Viewing ransomware cyberspace attacks as not concerning to the U.S. military is fundamentally wrong and utterly prejudices attitudes, policy and strategy. The U.S. will never successfully address cyberspace attacks against the U.S. private sector if it considers it outside the Pentagon’s purview. Such passivity signals to adversaries that they can steal from or attack any U.S. target inside the country just as long as they do not attack American critical infrastructure or U.S. military forces. (And who decides what constitutes critical infrastructure?) Only certain critical infrastructure, the U.S. government is suggesting, will trigger a DOD response. Yet few — if any — American citizens probably think that the DOD has no role in protecting them from state or foreign criminal cyberspace attacks.
The FBI and DHS are involved only in cyberspace defense, mitigation of damage and criminal justice issues. They don’t do retaliation, preemption or deterrence. They have no role in shaping or defending international norms (beyond indictments), such as the widely accepted and well-established norms governing sovereignty, intellectual property theft and armed attack.

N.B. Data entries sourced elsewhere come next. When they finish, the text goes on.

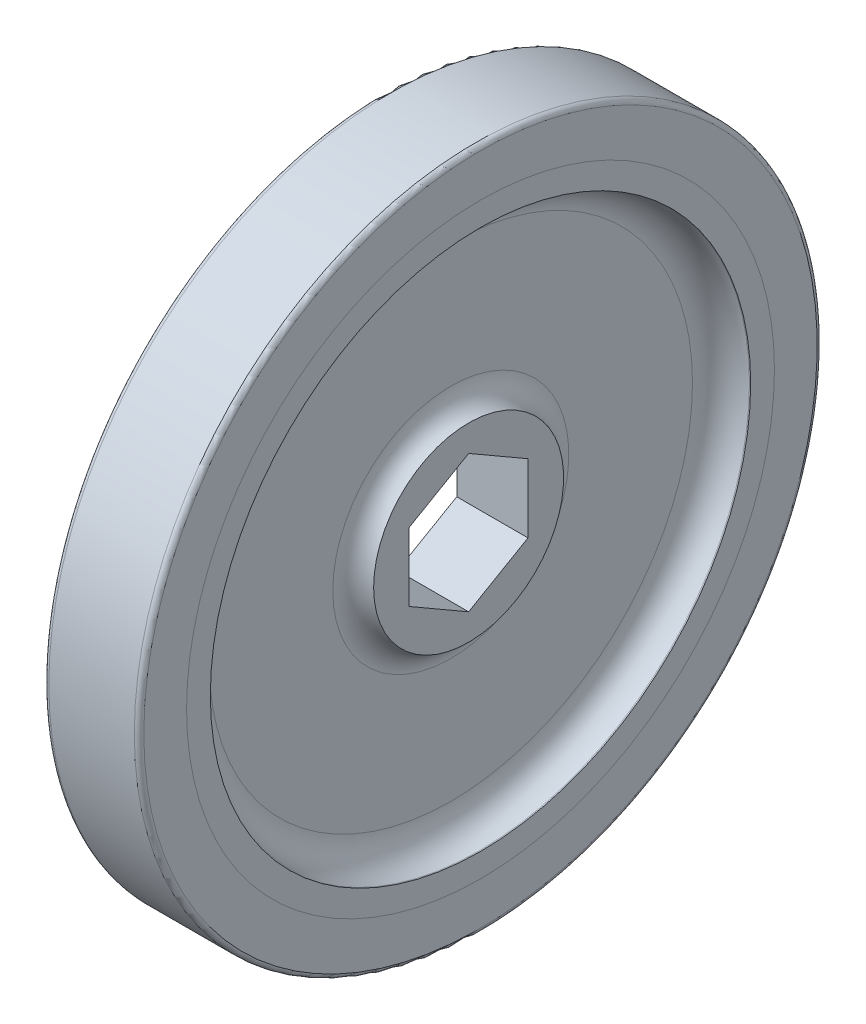
ISO-10303-21;
HEADER;
FILE_DESCRIPTION(('STEP AP214'),'2;1');
FILE_NAME('part.step','',(''),(''),'','','');
FILE_SCHEMA(('AUTOMOTIVE_DESIGN { 1 0 10303 214 1 1 1 1 }'));
ENDSEC;
DATA;
#1=APPLICATION_CONTEXT('core data for automotive mechanical design processes');
#2=APPLICATION_PROTOCOL_DEFINITION('international standard','automotive_design',2000,#1);
#3=PRODUCT_CONTEXT('',#1,'mechanical');
#4=PRODUCT('Part','Part','',(#3));
#5=PRODUCT_RELATED_PRODUCT_CATEGORY('part','',(#4));
#6=PRODUCT_DEFINITION_FORMATION('','',#4);
#7=PRODUCT_DEFINITION_CONTEXT('part definition',#1,'design');
#8=PRODUCT_DEFINITION('design','',#6,#7);
#9=PRODUCT_DEFINITION_SHAPE('','',#8);
#10=(LENGTH_UNIT() NAMED_UNIT(*) SI_UNIT(.MILLI.,.METRE.));
#11=(NAMED_UNIT(*) PLANE_ANGLE_UNIT() SI_UNIT($,.RADIAN.));
#12=(NAMED_UNIT(*) SI_UNIT($,.STERADIAN.) SOLID_ANGLE_UNIT());
#13=UNCERTAINTY_MEASURE_WITH_UNIT(LENGTH_MEASURE(1.E-05),#10,'distance_accuracy_value','');
#14=(GEOMETRIC_REPRESENTATION_CONTEXT(3) GLOBAL_UNCERTAINTY_ASSIGNED_CONTEXT((#13)) GLOBAL_UNIT_ASSIGNED_CONTEXT((#10,
#11,#12)) REPRESENTATION_CONTEXT('',''));
#15=CARTESIAN_POINT('',(0.,0.,0.));
#16=DIRECTION('',(0.,0.,1.));
#17=DIRECTION('',(1.,0.,0.));
#18=AXIS2_PLACEMENT_3D('',#15,#16,#17);
#19=CARTESIAN_POINT('',(-5.08,36.5125,0.));
#20=DIRECTION('',(1.,0.,0.));
#21=DIRECTION('',(0.,0.,-1.));
#22=AXIS2_PLACEMENT_3D('',#19,#20,#21);
#23=PLANE('',#22);
#24=CARTESIAN_POINT('',(-5.08,0.,0.));
#25=DIRECTION('',(1.,0.,0.));
#26=DIRECTION('',(0.,0.,-1.));
#27=AXIS2_PLACEMENT_3D('',#24,#25,#26);
#28=CIRCLE('',#27,36.0045);
#29=CARTESIAN_POINT('',(-5.08,0.,-36.0045));
#30=VERTEX_POINT('',#29);
#31=EDGE_CURVE('E58',#30,#30,#28,.F.);
#32=ORIENTED_EDGE('',*,*,#31,.T.);
#33=EDGE_LOOP('',(#32));
#34=FACE_BOUND('',#33,.T.);
#35=CARTESIAN_POINT('',(-5.08,0.,0.));
#36=DIRECTION('',(-1.,0.,0.));
#37=DIRECTION('',(0.,0.,1.));
#38=AXIS2_PLACEMENT_3D('',#35,#36,#37);
#39=CIRCLE('',#38,31.4325);
#40=CARTESIAN_POINT('',(-5.08,0.,31.4325));
#41=VERTEX_POINT('',#40);
#42=EDGE_CURVE('E63',#41,#41,#39,.T.);
#43=ORIENTED_EDGE('',*,*,#42,.F.);
#44=EDGE_LOOP('',(#43));
#45=FACE_BOUND('',#44,.T.);
#46=ADVANCED_FACE('F43',(#34,#45),#23,.F.);
#47=CARTESIAN_POINT('',(-3.81,0.,0.));
#48=DIRECTION('',(-1.,0.,0.));
#49=DIRECTION('',(0.,0.,1.));
#50=AXIS2_PLACEMENT_3D('',#47,#48,#49);
#51=CYLINDRICAL_SURFACE('',#50,31.4325);
#52=CARTESIAN_POINT('',(-2.54,0.,0.));
#53=DIRECTION('',(-1.,0.,0.));
#54=DIRECTION('',(0.,0.,1.));
#55=AXIS2_PLACEMENT_3D('',#52,#53,#54);
#56=CIRCLE('',#55,31.4325);
#57=CARTESIAN_POINT('',(-2.54,0.,31.4325));
#58=VERTEX_POINT('',#57);
#59=EDGE_CURVE('E66',#58,#58,#56,.T.);
#60=ORIENTED_EDGE('',*,*,#59,.F.);
#61=EDGE_LOOP('',(#60));
#62=FACE_BOUND('',#61,.T.);
#63=ORIENTED_EDGE('',*,*,#42,.T.);
#64=EDGE_LOOP('',(#63));
#65=FACE_BOUND('',#64,.T.);
#66=ADVANCED_FACE('F105',(#62,#65),#51,.F.);
#67=CARTESIAN_POINT('',(-2.54,31.4325,0.));
#68=DIRECTION('',(-1.,0.,0.));
#69=DIRECTION('',(0.,0.,1.));
#70=AXIS2_PLACEMENT_3D('',#67,#68,#69);
#71=PLANE('',#70);
#72=CARTESIAN_POINT('',(-2.54,0.,0.));
#73=DIRECTION('',(-1.,0.,0.));
#74=DIRECTION('',(0.,0.,1.));
#75=AXIS2_PLACEMENT_3D('',#72,#73,#74);
#76=CIRCLE('',#75,33.9725);
#77=CARTESIAN_POINT('',(-2.54,0.,33.9725));
#78=VERTEX_POINT('',#77);
#79=EDGE_CURVE('E69',#78,#78,#76,.T.);
#80=ORIENTED_EDGE('',*,*,#79,.F.);
#81=EDGE_LOOP('',(#80));
#82=FACE_BOUND('',#81,.T.);
#83=ORIENTED_EDGE('',*,*,#59,.T.);
#84=EDGE_LOOP('',(#83));
#85=FACE_BOUND('',#84,.T.);
#86=ADVANCED_FACE('F99',(#82,#85),#71,.F.);
#87=CARTESIAN_POINT('',(-3.81,0.,0.));
#88=DIRECTION('',(-1.,0.,0.));
#89=DIRECTION('',(0.,0.,1.));
#90=AXIS2_PLACEMENT_3D('',#87,#88,#89);
#91=CYLINDRICAL_SURFACE('',#90,33.9725);
#92=CARTESIAN_POINT('',(2.54,0.,0.));
#93=DIRECTION('',(-1.,0.,0.));
#94=DIRECTION('',(0.,0.,1.));
#95=AXIS2_PLACEMENT_3D('',#92,#93,#94);
#96=CIRCLE('',#95,33.9725);
#97=CARTESIAN_POINT('',(2.54,0.,33.9725));
#98=VERTEX_POINT('',#97);
#99=EDGE_CURVE('E72',#98,#98,#96,.T.);
#100=ORIENTED_EDGE('',*,*,#99,.F.);
#101=EDGE_LOOP('',(#100));
#102=FACE_BOUND('',#101,.T.);
#103=ORIENTED_EDGE('',*,*,#79,.T.);
#104=EDGE_LOOP('',(#103));
#105=FACE_BOUND('',#104,.T.);
#106=ADVANCED_FACE('F93',(#102,#105),#91,.F.);
#107=CARTESIAN_POINT('',(2.54,33.9725,0.));
#108=DIRECTION('',(1.,0.,0.));
#109=DIRECTION('',(0.,0.,-1.));
#110=AXIS2_PLACEMENT_3D('',#107,#108,#109);
#111=PLANE('',#110);
#112=CARTESIAN_POINT('',(2.54,0.,0.));
#113=DIRECTION('',(-1.,0.,0.));
#114=DIRECTION('',(0.,0.,1.));
#115=AXIS2_PLACEMENT_3D('',#112,#113,#114);
#116=CIRCLE('',#115,31.4325);
#117=CARTESIAN_POINT('',(2.54,0.,31.4325));
#118=VERTEX_POINT('',#117);
#119=EDGE_CURVE('E75',#118,#118,#116,.T.);
#120=ORIENTED_EDGE('',*,*,#119,.F.);
#121=EDGE_LOOP('',(#120));
#122=FACE_BOUND('',#121,.T.);
#123=ORIENTED_EDGE('',*,*,#99,.T.);
#124=EDGE_LOOP('',(#123));
#125=FACE_BOUND('',#124,.T.);
#126=ADVANCED_FACE('F87',(#122,#125),#111,.F.);
#127=CARTESIAN_POINT('',(-3.81,0.,0.));
#128=DIRECTION('',(-1.,0.,0.));
#129=DIRECTION('',(0.,0.,1.));
#130=AXIS2_PLACEMENT_3D('',#127,#128,#129);
#131=CYLINDRICAL_SURFACE('',#130,31.4325);
#132=CARTESIAN_POINT('',(5.08,0.,0.));
#133=DIRECTION('',(-1.,0.,0.));
#134=DIRECTION('',(0.,0.,1.));
#135=AXIS2_PLACEMENT_3D('',#132,#133,#134);
#136=CIRCLE('',#135,31.4325);
#137=CARTESIAN_POINT('',(5.08,0.,31.4325));
#138=VERTEX_POINT('',#137);
#139=EDGE_CURVE('E78',#138,#138,#136,.T.);
#140=ORIENTED_EDGE('',*,*,#139,.F.);
#141=EDGE_LOOP('',(#140));
#142=FACE_BOUND('',#141,.T.);
#143=ORIENTED_EDGE('',*,*,#119,.T.);
#144=EDGE_LOOP('',(#143));
#145=FACE_BOUND('',#144,.T.);
#146=ADVANCED_FACE('F84',(#142,#145),#131,.F.);
#147=CARTESIAN_POINT('',(5.08,31.4325,0.));
#148=DIRECTION('',(-1.,0.,0.));
#149=DIRECTION('',(0.,0.,1.));
#150=AXIS2_PLACEMENT_3D('',#147,#148,#149);
#151=PLANE('',#150);
#152=CARTESIAN_POINT('',(5.08,0.,0.));
#153=DIRECTION('',(-1.,0.,0.));
#154=DIRECTION('',(0.,0.,1.));
#155=AXIS2_PLACEMENT_3D('',#152,#153,#154);
#156=CIRCLE('',#155,36.0045);
#157=CARTESIAN_POINT('',(5.08,0.,36.0045));
#158=VERTEX_POINT('',#157);
#159=EDGE_CURVE('E11',#158,#158,#156,.F.);
#160=ORIENTED_EDGE('',*,*,#159,.T.);
#161=EDGE_LOOP('',(#160));
#162=FACE_BOUND('',#161,.T.);
#163=ORIENTED_EDGE('',*,*,#139,.T.);
#164=EDGE_LOOP('',(#163));
#165=FACE_BOUND('',#164,.T.);
#166=ADVANCED_FACE('F82',(#162,#165),#151,.F.);
#167=CARTESIAN_POINT('',(-3.81,0.,0.));
#168=DIRECTION('',(-1.,0.,0.));
#169=DIRECTION('',(0.,0.,1.));
#170=AXIS2_PLACEMENT_3D('',#167,#168,#169);
#171=CYLINDRICAL_SURFACE('',#170,36.5125);
#172=CARTESIAN_POINT('',(-4.572,0.,0.));
#173=DIRECTION('',(1.,0.,0.));
#174=DIRECTION('',(0.,0.,-1.));
#175=AXIS2_PLACEMENT_3D('',#172,#173,#174);
#176=CIRCLE('',#175,36.5125);
#177=CARTESIAN_POINT('',(-4.572,0.,-36.5125));
#178=VERTEX_POINT('',#177);
#179=EDGE_CURVE('E50',#178,#178,#176,.T.);
#180=ORIENTED_EDGE('',*,*,#179,.T.);
#181=EDGE_LOOP('',(#180));
#182=FACE_BOUND('',#181,.T.);
#183=CARTESIAN_POINT('',(4.572,0.,0.));
#184=DIRECTION('',(-1.,0.,0.));
#185=DIRECTION('',(0.,0.,1.));
#186=AXIS2_PLACEMENT_3D('',#183,#184,#185);
#187=CIRCLE('',#186,36.5125);
#188=CARTESIAN_POINT('',(4.572,0.,36.5125));
#189=VERTEX_POINT('',#188);
#190=EDGE_CURVE('E54',#189,#189,#187,.T.);
#191=ORIENTED_EDGE('',*,*,#190,.T.);
#192=EDGE_LOOP('',(#191));
#193=FACE_BOUND('',#192,.T.);
#194=ADVANCED_FACE('F121',(#182,#193),#171,.T.);
#195=CARTESIAN_POINT('',(-4.572,0.,0.));
#196=DIRECTION('',(1.,0.,0.));
#197=DIRECTION('',(0.,0.,-1.));
#198=AXIS2_PLACEMENT_3D('',#195,#196,#197);
#199=TOROIDAL_SURFACE('',#198,36.0045,0.508);
#200=ORIENTED_EDGE('',*,*,#179,.F.);
#201=EDGE_LOOP('',(#200));
#202=FACE_BOUND('',#201,.T.);
#203=ORIENTED_EDGE('',*,*,#31,.F.);
#204=EDGE_LOOP('',(#203));
#205=FACE_BOUND('',#204,.T.);
#206=ADVANCED_FACE('F119',(#202,#205),#199,.T.);
#207=CARTESIAN_POINT('',(4.572,0.,0.));
#208=DIRECTION('',(-1.,0.,0.));
#209=DIRECTION('',(0.,0.,1.));
#210=AXIS2_PLACEMENT_3D('',#207,#208,#209);
#211=TOROIDAL_SURFACE('',#210,36.0045,0.508);
#212=ORIENTED_EDGE('',*,*,#159,.F.);
#213=EDGE_LOOP('',(#212));
#214=FACE_BOUND('',#213,.T.);
#215=ORIENTED_EDGE('',*,*,#190,.F.);
#216=EDGE_LOOP('',(#215));
#217=FACE_BOUND('',#216,.T.);
#218=ADVANCED_FACE('F45',(#214,#217),#211,.T.);
#219=CLOSED_SHELL('',(#46,#66,#86,#106,#126,#146,#166,#194,#206,#218));
#220=MANIFOLD_SOLID_BREP('B2',#219);
#221=CARTESIAN_POINT('',(-3.81,10.16,0.));
#222=DIRECTION('',(1.,0.,0.));
#223=DIRECTION('',(0.,0.,-1.));
#224=AXIS2_PLACEMENT_3D('',#221,#222,#223);
#225=PLANE('',#224);
#226=DIRECTION('',(0.,1.,0.));
#227=VECTOR('',#226,1.);
#228=CARTESIAN_POINT('',(-3.81,10.16,-6.35));
#229=LINE('',#228,#227);
#230=CARTESIAN_POINT('',(-3.81,-3.66617420935412,-6.35));
#231=VERTEX_POINT('',#230);
#232=CARTESIAN_POINT('',(-3.81,3.66617420935413,-6.35));
#233=VERTEX_POINT('',#232);
#234=EDGE_CURVE('E302',#231,#233,#229,.T.);
#235=ORIENTED_EDGE('',*,*,#234,.T.);
#236=DIRECTION('',(0.,0.5,0.866025403784439));
#237=VECTOR('',#236,1.);
#238=CARTESIAN_POINT('',(-3.81,8.03926131403119,1.22440905122495));
#239=LINE('',#238,#237);
#240=CARTESIAN_POINT('',(-3.81,7.33234841870825,0.));
#241=VERTEX_POINT('',#240);
#242=EDGE_CURVE('E284',#233,#241,#239,.T.);
#243=ORIENTED_EDGE('',*,*,#242,.T.);
#244=DIRECTION('',(0.,-0.5,0.866025403784439));
#245=VECTOR('',#244,1.);
#246=CARTESIAN_POINT('',(-3.81,8.03926131403119,-1.22440905122495));
#247=LINE('',#246,#245);
#248=CARTESIAN_POINT('',(-3.81,3.66617420935413,6.35));
#249=VERTEX_POINT('',#248);
#250=EDGE_CURVE('E285',#241,#249,#247,.T.);
#251=ORIENTED_EDGE('',*,*,#250,.T.);
#252=DIRECTION('',(0.,-1.,0.));
#253=VECTOR('',#252,1.);
#254=CARTESIAN_POINT('',(-3.81,10.16,6.35));
#255=LINE('',#254,#253);
#256=CARTESIAN_POINT('',(-3.81,-3.66617420935412,6.35));
#257=VERTEX_POINT('',#256);
#258=EDGE_CURVE('E257',#249,#257,#255,.T.);
#259=ORIENTED_EDGE('',*,*,#258,.T.);
#260=DIRECTION('',(0.,-0.5,-0.866025403784439));
#261=VECTOR('',#260,1.);
#262=CARTESIAN_POINT('',(-3.81,-2.95926131403118,7.57440905122495));
#263=LINE('',#262,#261);
#264=CARTESIAN_POINT('',(-3.81,-7.33234841870825,0.));
#265=VERTEX_POINT('',#264);
#266=EDGE_CURVE('E296',#257,#265,#263,.T.);
#267=ORIENTED_EDGE('',*,*,#266,.T.);
#268=DIRECTION('',(0.,0.5,-0.866025403784439));
#269=VECTOR('',#268,1.);
#270=CARTESIAN_POINT('',(-3.81,-2.95926131403119,-7.57440905122495));
#271=LINE('',#270,#269);
#272=EDGE_CURVE('E299',#265,#231,#271,.T.);
#273=ORIENTED_EDGE('',*,*,#272,.T.);
#274=EDGE_LOOP('',(#235,#243,#251,#259,#267,#273));
#275=FACE_BOUND('',#274,.T.);
#276=CARTESIAN_POINT('',(-3.81,0.,0.));
#277=DIRECTION('',(-1.,0.,0.));
#278=DIRECTION('',(0.,0.,1.));
#279=AXIS2_PLACEMENT_3D('',#276,#277,#278);
#280=CIRCLE('',#279,10.16);
#281=CARTESIAN_POINT('',(-3.81,0.,10.16));
#282=VERTEX_POINT('',#281);
#283=EDGE_CURVE('E332',#282,#282,#280,.T.);
#284=ORIENTED_EDGE('',*,*,#283,.T.);
#285=EDGE_LOOP('',(#284));
#286=FACE_BOUND('',#285,.T.);
#287=ADVANCED_FACE('F195',(#275,#286),#225,.F.);
#288=CARTESIAN_POINT('',(3.81,10.16,0.));
#289=DIRECTION('',(-1.,0.,0.));
#290=DIRECTION('',(0.,0.,1.));
#291=AXIS2_PLACEMENT_3D('',#288,#289,#290);
#292=PLANE('',#291);
#293=DIRECTION('',(0.,0.5,-0.866025403784439));
#294=VECTOR('',#293,1.);
#295=CARTESIAN_POINT('',(3.81,8.03926131403119,-1.22440905122495));
#296=LINE('',#295,#294);
#297=CARTESIAN_POINT('',(3.81,3.66617420935413,6.35));
#298=VERTEX_POINT('',#297);
#299=CARTESIAN_POINT('',(3.81,7.33234841870825,0.));
#300=VERTEX_POINT('',#299);
#301=EDGE_CURVE('E245',#298,#300,#296,.T.);
#302=ORIENTED_EDGE('',*,*,#301,.T.);
#303=DIRECTION('',(0.,-0.5,-0.866025403784439));
#304=VECTOR('',#303,1.);
#305=CARTESIAN_POINT('',(3.81,8.03926131403119,1.22440905122495));
#306=LINE('',#305,#304);
#307=CARTESIAN_POINT('',(3.81,3.66617420935413,-6.35));
#308=VERTEX_POINT('',#307);
#309=EDGE_CURVE('E41',#300,#308,#306,.T.);
#310=ORIENTED_EDGE('',*,*,#309,.T.);
#311=DIRECTION('',(0.,-1.,0.));
#312=VECTOR('',#311,1.);
#313=CARTESIAN_POINT('',(3.81,10.16,-6.35));
#314=LINE('',#313,#312);
#315=CARTESIAN_POINT('',(3.81,-3.66617420935412,-6.35));
#316=VERTEX_POINT('',#315);
#317=EDGE_CURVE('E203',#308,#316,#314,.T.);
#318=ORIENTED_EDGE('',*,*,#317,.T.);
#319=DIRECTION('',(0.,-0.5,0.866025403784439));
#320=VECTOR('',#319,1.);
#321=CARTESIAN_POINT('',(3.81,-2.95926131403119,-7.57440905122495));
#322=LINE('',#321,#320);
#323=CARTESIAN_POINT('',(3.81,-7.33234841870825,0.));
#324=VERTEX_POINT('',#323);
#325=EDGE_CURVE('E267',#316,#324,#322,.T.);
#326=ORIENTED_EDGE('',*,*,#325,.T.);
#327=DIRECTION('',(0.,0.5,0.866025403784439));
#328=VECTOR('',#327,1.);
#329=CARTESIAN_POINT('',(3.81,-2.95926131403118,7.57440905122495));
#330=LINE('',#329,#328);
#331=CARTESIAN_POINT('',(3.81,-3.66617420935412,6.35));
#332=VERTEX_POINT('',#331);
#333=EDGE_CURVE('E265',#324,#332,#330,.T.);
#334=ORIENTED_EDGE('',*,*,#333,.T.);
#335=DIRECTION('',(0.,1.,0.));
#336=VECTOR('',#335,1.);
#337=CARTESIAN_POINT('',(3.81,10.16,6.35));
#338=LINE('',#337,#336);
#339=EDGE_CURVE('E249',#332,#298,#338,.T.);
#340=ORIENTED_EDGE('',*,*,#339,.T.);
#341=EDGE_LOOP('',(#302,#310,#318,#326,#334,#340));
#342=FACE_BOUND('',#341,.T.);
#343=CARTESIAN_POINT('',(3.81,0.,0.));
#344=DIRECTION('',(-1.,0.,0.));
#345=DIRECTION('',(0.,0.,1.));
#346=AXIS2_PLACEMENT_3D('',#343,#344,#345);
#347=CIRCLE('',#346,10.16);
#348=CARTESIAN_POINT('',(3.81,0.,10.16));
#349=VERTEX_POINT('',#348);
#350=EDGE_CURVE('E329',#349,#349,#347,.T.);
#351=ORIENTED_EDGE('',*,*,#350,.F.);
#352=EDGE_LOOP('',(#351));
#353=FACE_BOUND('',#352,.T.);
#354=ADVANCED_FACE('F262',(#342,#353),#292,.F.);
#355=CARTESIAN_POINT('',(1.905,28.8925,0.));
#356=DIRECTION('',(-1.,0.,0.));
#357=DIRECTION('',(0.,0.,1.));
#358=AXIS2_PLACEMENT_3D('',#355,#356,#357);
#359=PLANE('',#358);
#360=CARTESIAN_POINT('',(1.905,0.,0.));
#361=DIRECTION('',(-1.,0.,0.));
#362=DIRECTION('',(0.,0.,1.));
#363=AXIS2_PLACEMENT_3D('',#360,#361,#362);
#364=CIRCLE('',#363,25.8445);
#365=CARTESIAN_POINT('',(1.905,0.,25.8445));
#366=VERTEX_POINT('',#365);
#367=EDGE_CURVE('E344',#366,#366,#364,.F.);
#368=ORIENTED_EDGE('',*,*,#367,.T.);
#369=EDGE_LOOP('',(#368));
#370=FACE_BOUND('',#369,.T.);
#371=CARTESIAN_POINT('',(1.905,0.,0.));
#372=DIRECTION('',(-1.,0.,0.));
#373=DIRECTION('',(0.,0.,1.));
#374=AXIS2_PLACEMENT_3D('',#371,#372,#373);
#375=CIRCLE('',#374,12.6193444248417);
#376=CARTESIAN_POINT('',(1.905,0.,12.6193444248417));
#377=VERTEX_POINT('',#376);
#378=EDGE_CURVE('E338',#377,#377,#375,.T.);
#379=ORIENTED_EDGE('',*,*,#378,.T.);
#380=EDGE_LOOP('',(#379));
#381=FACE_BOUND('',#380,.T.);
#382=ADVANCED_FACE('F379',(#370,#381),#359,.F.);
#383=CARTESIAN_POINT('',(-3.81,0.,0.));
#384=DIRECTION('',(-1.,0.,0.));
#385=DIRECTION('',(0.,0.,1.));
#386=AXIS2_PLACEMENT_3D('',#383,#384,#385);
#387=CYLINDRICAL_SURFACE('',#386,28.8925);
#388=CARTESIAN_POINT('',(4.953,0.,0.));
#389=DIRECTION('',(-1.,0.,0.));
#390=DIRECTION('',(0.,0.,1.));
#391=AXIS2_PLACEMENT_3D('',#388,#389,#390);
#392=CIRCLE('',#391,28.8925);
#393=CARTESIAN_POINT('',(4.953,0.,28.8925));
#394=VERTEX_POINT('',#393);
#395=EDGE_CURVE('E341',#394,#394,#392,.T.);
#396=ORIENTED_EDGE('',*,*,#395,.T.);
#397=EDGE_LOOP('',(#396));
#398=FACE_BOUND('',#397,.T.);
#399=CARTESIAN_POINT('',(5.08,0.,0.));
#400=DIRECTION('',(-1.,0.,0.));
#401=DIRECTION('',(0.,0.,1.));
#402=AXIS2_PLACEMENT_3D('',#399,#400,#401);
#403=CIRCLE('',#402,28.8925);
#404=CARTESIAN_POINT('',(5.08,0.,28.8925));
#405=VERTEX_POINT('',#404);
#406=EDGE_CURVE('E326',#405,#405,#403,.T.);
#407=ORIENTED_EDGE('',*,*,#406,.F.);
#408=EDGE_LOOP('',(#407));
#409=FACE_BOUND('',#408,.T.);
#410=ADVANCED_FACE('F393',(#398,#409),#387,.F.);
#411=CARTESIAN_POINT('',(5.08,31.4325,0.));
#412=DIRECTION('',(-1.,0.,0.));
#413=DIRECTION('',(0.,0.,1.));
#414=AXIS2_PLACEMENT_3D('',#411,#412,#413);
#415=PLANE('',#414);
#416=CARTESIAN_POINT('',(5.08,0.,0.));
#417=DIRECTION('',(-1.,0.,0.));
#418=DIRECTION('',(0.,0.,1.));
#419=AXIS2_PLACEMENT_3D('',#416,#417,#418);
#420=CIRCLE('',#419,31.4325);
#421=CARTESIAN_POINT('',(5.08,0.,31.4325));
#422=VERTEX_POINT('',#421);
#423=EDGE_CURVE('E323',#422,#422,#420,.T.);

These intellectual blunders hurt U.S. cyberspace policy and hamstrung DOD shaping efforts in the early days of the cyberspace domain. Defending against and deterring the now daily violations of U.S. sovereignty, loss of intellectual property and adversary preparation of the environment (the emplacement of adversary cyberspace capabilities inside U.S. civilian infrastructure) requires a straightforward admission of what is happening and how similar — not different — cyberspace is to the other domains.
James Van de Velde, Ph.D., is a professor at the National Defense University, Dwight D. Eisenhower School for National Security and Resource Strategy, associate professor at the National Intelligence University and adjunct faculty at the School of Advanced International Studies, Johns Hopkins University. The views expressed in this article are those of the author and do not reflect the official policy or position of the National Defense University, the Department of Defense or the U.S. government.